Connect with us

Kultura

Zmarł Andrzej Podolak, były dyrektor BWiA w Pile

Published

on

Dzisiaj zmarł były dyrektor BWiA w Pile – Andrzej Podolak. Miał 79 lat.

W latach 1991-2008 pełnił funkcję dyrektora BWiA w Pile.
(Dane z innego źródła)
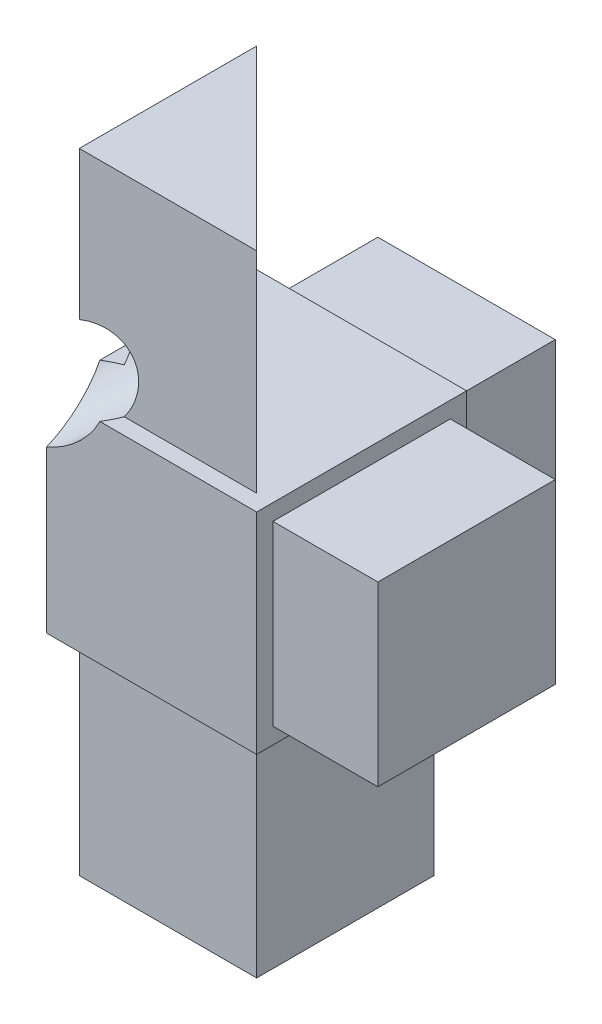
SolidWorks part; units mm, degrees
ref_plane "Front Plane" through (0, 0, 0) normal (0, 0, 1) x (1, 0, 0)
ref_plane "Top Plane" through (0, 0, 0) normal (0, 1, 0) x (1, 0, 0)
ref_plane "Right Plane" through (0, 0, 0) normal (1, 0, 0) x (0, 0, -1)
sketch "Sketch1" plane through (0, 0, 0) normal (0, 1, 0) x (1, 0, 0)
  line L0 (-8.45, 8.45) -> (8.45, 8.45)
  line L1 (-10, -10) -> (10, -10)
  line L2 (-10, -10) -> (-10, 10)
  line L3 (-10, 10) -> (10, 10)
  line L4 (10, -10) -> (10, 10)
  line L5 (-10, -10) -> (10, 10) construction
  line L6 (-10, 10) -> (10, -10) construction
  line L7 (-8.45, 10) -> (8.45, 10)
  line L8 (-8.45, 10) -> (-8.45, 20)
  line L9 (-8.45, 20) -> (8.45, 20)
  line L10 (8.45, 10) -> (8.45, 20)
  line L11 (10, 8.45) -> (20, 8.45)
  line L12 (10, 8.45) -> (10, -8.45)
  line L13 (10, -8.45) -> (20, -8.45)
  line L14 (20, 8.45) -> (20, -8.45)
  line L15 (8.45, -8.45) -> (8.45, 8.45)
  line L16 (-8.45, -8.45) -> (8.45, -8.45)
  line L17 (-8.45, -8.45) -> (-8.45, 8.45)
  line L18 (-8.45, 8.45) -> (8.45, -8.45)
  point P0 (0, 0)
  point P14 (20, 0)
  point P15 (0, 20)
  dimension "D1" = 16.9
  dimension "D2" = 10
  dimension "D3" = 20
  dimension "D4" = 20
  dimension "D5" = 1.55
extrude "Boss-Extrude1" add sketch "Sketch1" along normal blind 20 contours L1 L4 L3 L2 L16 L17 L0 L15 | L0 L18 L15 | L18 L17 L16 region at (-2.8167, 0, 2.8167) region at (2.8167, 0, -2.8167) region at (-9.7172, 0, 0)
extrude "Boss-Extrude2" add sketch "Sketch1<3>" along normal blind 16.9 from offset 1.55 contours L3 L10 L9 L8 | L14 L11 L4 L13 region at (15, 0, 0) region at (0, 0, -15)
sketch "Sketch1<3>" plane through (0, 0, 0) normal (0, 1, 0) x (1, 0, 0) same geometry as "Sketch1"
extrude "Boss-Extrude3" add sketch "Sketch1<4>" against normal blind 20 contours L18 L17 L16 | L0 L18 L15 region at (-2.8167, 0, 2.8167) region at (2.8167, 0, -2.8167)
sketch "Sketch1<4>" plane through (0, 0, 0) normal (0, 1, 0) x (1, 0, 0) same geometry as "Sketch1"
extrude "Boss-Extrude4" add sketch "Sketch1<5>" along normal blind 40 contours L18 L17 L16 region at (-2.8167, 0, 2.8167)
sketch "Sketch1<5>" plane through (0, 0, 0) normal (0, 1, 0) x (1, 0, 0) same geometry as "Sketch1"
ref_plane "Plane1" through (12.2474, 10, -12.2474) normal (0.6124, 0.5, -0.6124) x (0.7071, 0, 0.7071)
ref_plane "Plane2" through (-7.3485, -6, 7.3485) normal (0.6124, 0.5, -0.6124) x (0.7071, 0, 0.7071)
sketch "Sketch2" plane through (-7.3485, -6, 7.3485) normal (0.6124, 0.5, -0.6124) x (0.7071, 0, 0.7071)
  circle A0 centre (0, -24.3916) radius 4
  point P2 (0, 0)
  dimension "D1" = 8
extrude "Cut-Extrude1" cut sketch "Sketch2" along normal through all
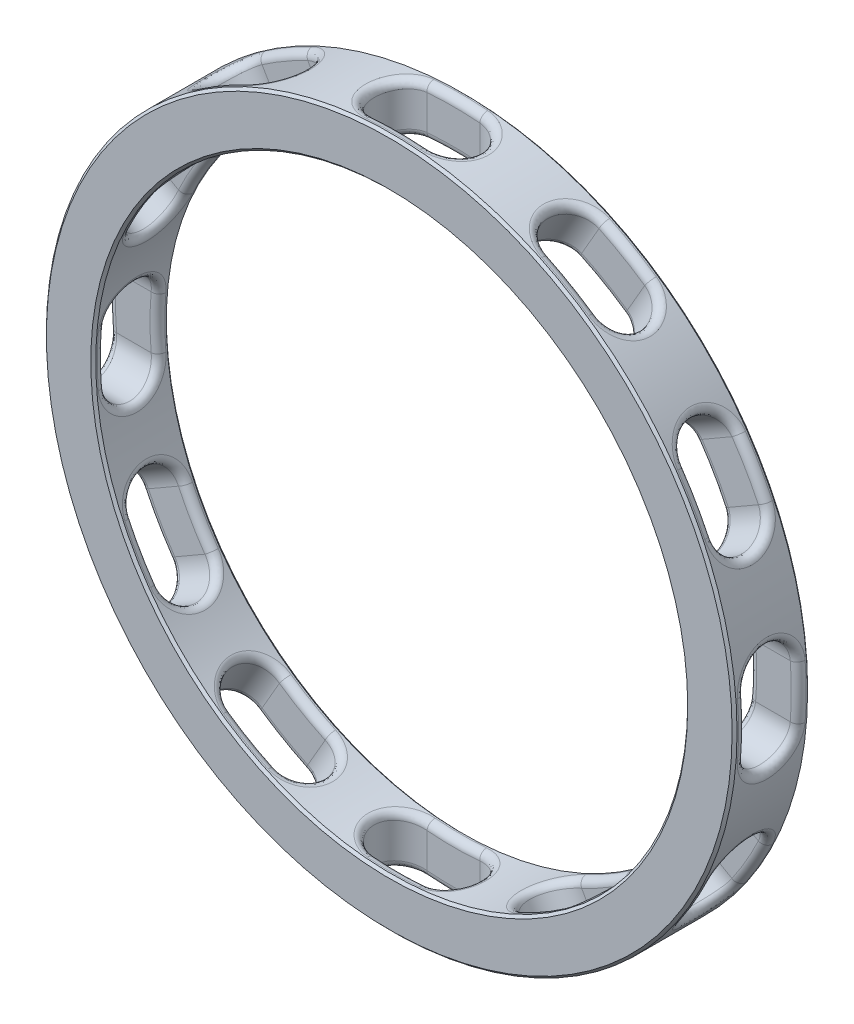
SolidWorks part; units mm, degrees
ref_plane "Front Plane" through (0, 0, 0) normal (0, 0, 1) x (1, 0, 0)
ref_plane "Top Plane" through (0, 0, 0) normal (0, 1, 0) x (1, 0, 0)
ref_plane "Right Plane" through (0, 0, 0) normal (1, 0, 0) x (0, 0, -1)
sketch "Sketch2" plane through (0, 0, 0) normal (0, 0, 1) x (1, 0, 0)
  circle A0 centre (0, 0) radius 35
  dimension "D1" = 70
extrude "Extrude-Thin1" add sketch "Sketch2" along normal mid plane 7.65 thin thin type one direction reverse wall 5
sketch "Sketch3" plane through (0, 0, 0) normal (0, 1, 0) x (1, 0, 0)
  line L0 (2.675, 0) -> (-2.675, 0) construction
  line L1 (2.675, -2.675) -> (-2.675, -2.675)
  line L2 (2.675, 2.675) -> (-2.675, 2.675)
  arc A0 (2.675, -2.675) -> (2.675, 2.675) centre (2.675, 0) ccw
  arc A1 (-2.675, 2.675) -> (-2.675, -2.675) centre (-2.675, 0) ccw
  point P2 (0, 0)
  dimension "D1" = 5.35
  dimension "D2" = 5.35
extrude "Cut-Extrude1" cut sketch "Sketch3" against normal through all
fillet "Fillet1" radius 0.75 8 edges at (0, -35, 2.675) (-5.3308, -34.5917, 0.3197) (0, -35, -2.675) (0, -30, 2.675) (-5.3304, -29.5227, 0.3233) (0, -30, -2.675) (5.3308, -34.5917, -0.3197) (5.3304, -29.5227, -0.3233)
chamfer "Chamfer1" distance 0.25 angle 45 4 edges at (35, 0, -3.825) (35, 0, 3.825) (30, 0, -3.825) (30, 0, 3.825)
pattern_circular "CirPattern1" count 12 over 360 about axis through (0, 0, 3.825) along (0, 0, -1) of "Cut-Extrude1", "Fillet1"
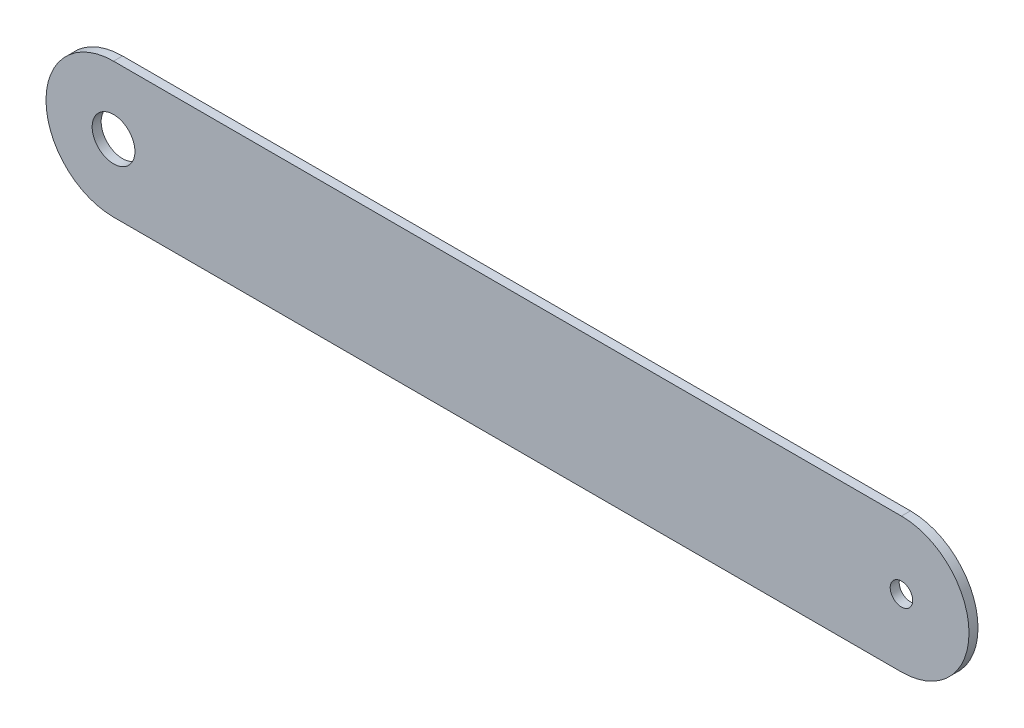
SolidWorks part; units mm, degrees
ref_plane "前视基准面" through (0, 0, 0) normal (0, 0, 1) x (1, 0, 0)
ref_plane "上视基准面" through (0, 0, 0) normal (0, 1, 0) x (1, 0, 0)
ref_plane "右视基准面" through (0, 0, 0) normal (1, 0, 0) x (0, 0, -1)
sketch "草图1" plane through (0, 0, 0) normal (0, 0, 1) x (1, 0, 0)
  line L1 (-1.4571, -0.1457) -> (348.5429, -0.1457) construction
  line L4 (348.5429, -0.1457) -> (428.5429, -0.1457) construction
  line L6 (348.5429, -30.1457) -> (-1.4571, -30.1457)
  line L7 (-1.4571, 29.8543) -> (348.5429, 29.8543)
  circle A1 centre (-1.4571, -0.1457) radius 9.5
  circle A4 centre (-1.4571, -0.1457) radius 30 construction
  circle A11 centre (348.5429, -0.1457) radius 5
  circle A14 centre (348.5429, -0.1457) radius 30 construction
  arc A17 (-1.4571, -30.1457) -> (-1.4571, 29.8543) centre (-1.4571, -0.1457) cw
  arc A18 (348.5429, 29.8543) -> (348.5429, -30.1457) centre (348.5429, -0.1457) cw
  dimension "D1" = 350
  dimension "D2" = 19
  dimension "D4" = 10
  dimension "D7" = 80
extrude "凸台-拉伸1" add sketch "草图1" along normal blind 4
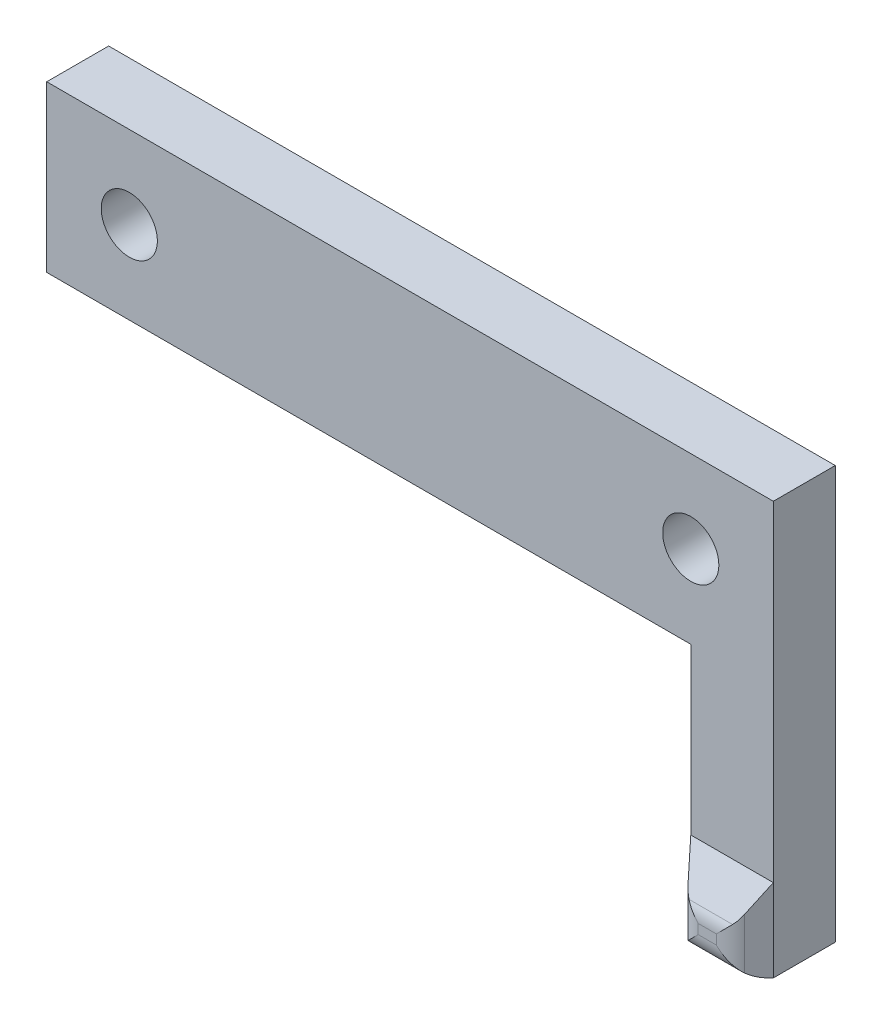
SolidWorks part; units mm, degrees
ref_plane "Front Plane" through (0, 0, 0) normal (0, 0, 1) x (1, 0, 0)
ref_plane "Top Plane" through (0, 0, 0) normal (0, 1, 0) x (1, 0, 0)
ref_plane "Right Plane" through (0, 0, 0) normal (1, 0, 0) x (0, 0, -1)
sketch "Sketch1" plane through (0, 0, 0) normal (0, 0, 1) x (1, 0, 0)
  line L0 (0, 0) -> (68, 0) construction
  line L2 (78, 10) -> (-10, 10)
  line L3 (78, 10) -> (78, -10)
  line L4 (78, -10) -> (-10, -10)
  line L5 (-10, 10) -> (-10, -10)
  line L6 (78, 10) -> (-10, -10) construction
  line L7 (78, -10) -> (-10, 10) construction
  circle A0 centre (0, 0) radius 3.4
  circle A1 centre (68, 0) radius 3.4
  point P5 (34, 0)
  dimension "D2" = 6.8
  dimension "D3" = 10
  dimension "D1" = 68
  dimension "D4" = 10
extrude "Boss-Extrude1" add sketch "Sketch1" along normal blind 7.5
sketch "Sketch2" plane through (0, -10, 0) normal (0, -1, 0) x (1, 0, 0)
  line L0 (68, 0) -> (78, 0)
  line L1 (78, 0) -> (78, 7.5)
  line L2 (-10, 7.5) -> (78, 7.5) construction
  line L3 (78, 7.5) -> (68, 7.5)
  line L4 (68, 7.5) -> (68, 0)
  line L5 (78, 7.5) -> (78, 0) construction
  point P4 (0, 0)
  point P10 (0, 0)
  point P11 (0, 0)
  point P14 (78, 3.5748)
  dimension "D1" = 10
extrude "Boss-Extrude2" add sketch "Sketch2" along normal blind 30
ref_plane "Plane1" through (0, 0, 10.5) normal (0, 0, 1) x (1, 0, 0)
sketch "Sketch3" plane through (0, 0, 10.5) normal (0, 0, 1) x (1, 0, 0)
  line L0 (78, -40) -> (68, -30) construction
  line L2 (68, -30) -> (68, -40) construction
  line L3 (73, -35) -> (73, -40) construction
  line L4 (75.5, -35) -> (70.5, -35)
  line L5 (75.5, -35) -> (75.5, -40)
  line L6 (75.5, -40) -> (70.5, -40)
  line L7 (70.5, -35) -> (70.5, -40)
  line L8 (75.5, -35) -> (70.5, -40) construction
  line L9 (75.5, -40) -> (70.5, -35) construction
  line L10 (78, -40) -> (68, -40) construction
  point P3 (-10, -30)
  point P4 (0, 0)
  point P5 (73, -37.5)
  point P12 (0, 0)
  point P13 (73, -35)
  point P18 (0, 0)
  point P19 (0, 0)
  dimension "D1" = 10
  dimension "D2" = 5
sketch "Sketch4" plane through (0, 0, 7.5) normal (0, 0, 1) x (1, 0, 0)
  line L0 (68, -30) -> (78, -40) construction
  line L2 (78, -40) -> (68, -40)
  line L3 (78, -40) -> (78, -30)
  line L4 (78, -30) -> (68, -30)
  line L5 (68, -40) -> (68, -30)
  point P4 (0, 0)
  dimension "D1" = 10
loft "Loft1" add profiles "Sketch4", "Sketch3"
fillet "Fillet1" radius 3 4 edges

Andrzej Podolak związany z pilskim środowiskiem artysta plastyk, wieloletni prezes i wiceprezes Zarządu Okręgu Związku Polskich Artystów Plastyków w Pile, plastyk wojewódzki (w latach 1988 – 1998) oraz wieloletni dyrektor Galerii Biura Wystaw Artystycznych (1991 – 2008). Organizator międzynarodowych i ogólnopolskich plenerów artystycznych oraz kurator licznych wystaw. W Pile, wraz z żoną Anną Mrosczok-Podolak, prowadził Galerię Autorską. Uhonorowany w 2018 roku nagrodą Lider Sukcesu 2018 Powiatu Pilskiego.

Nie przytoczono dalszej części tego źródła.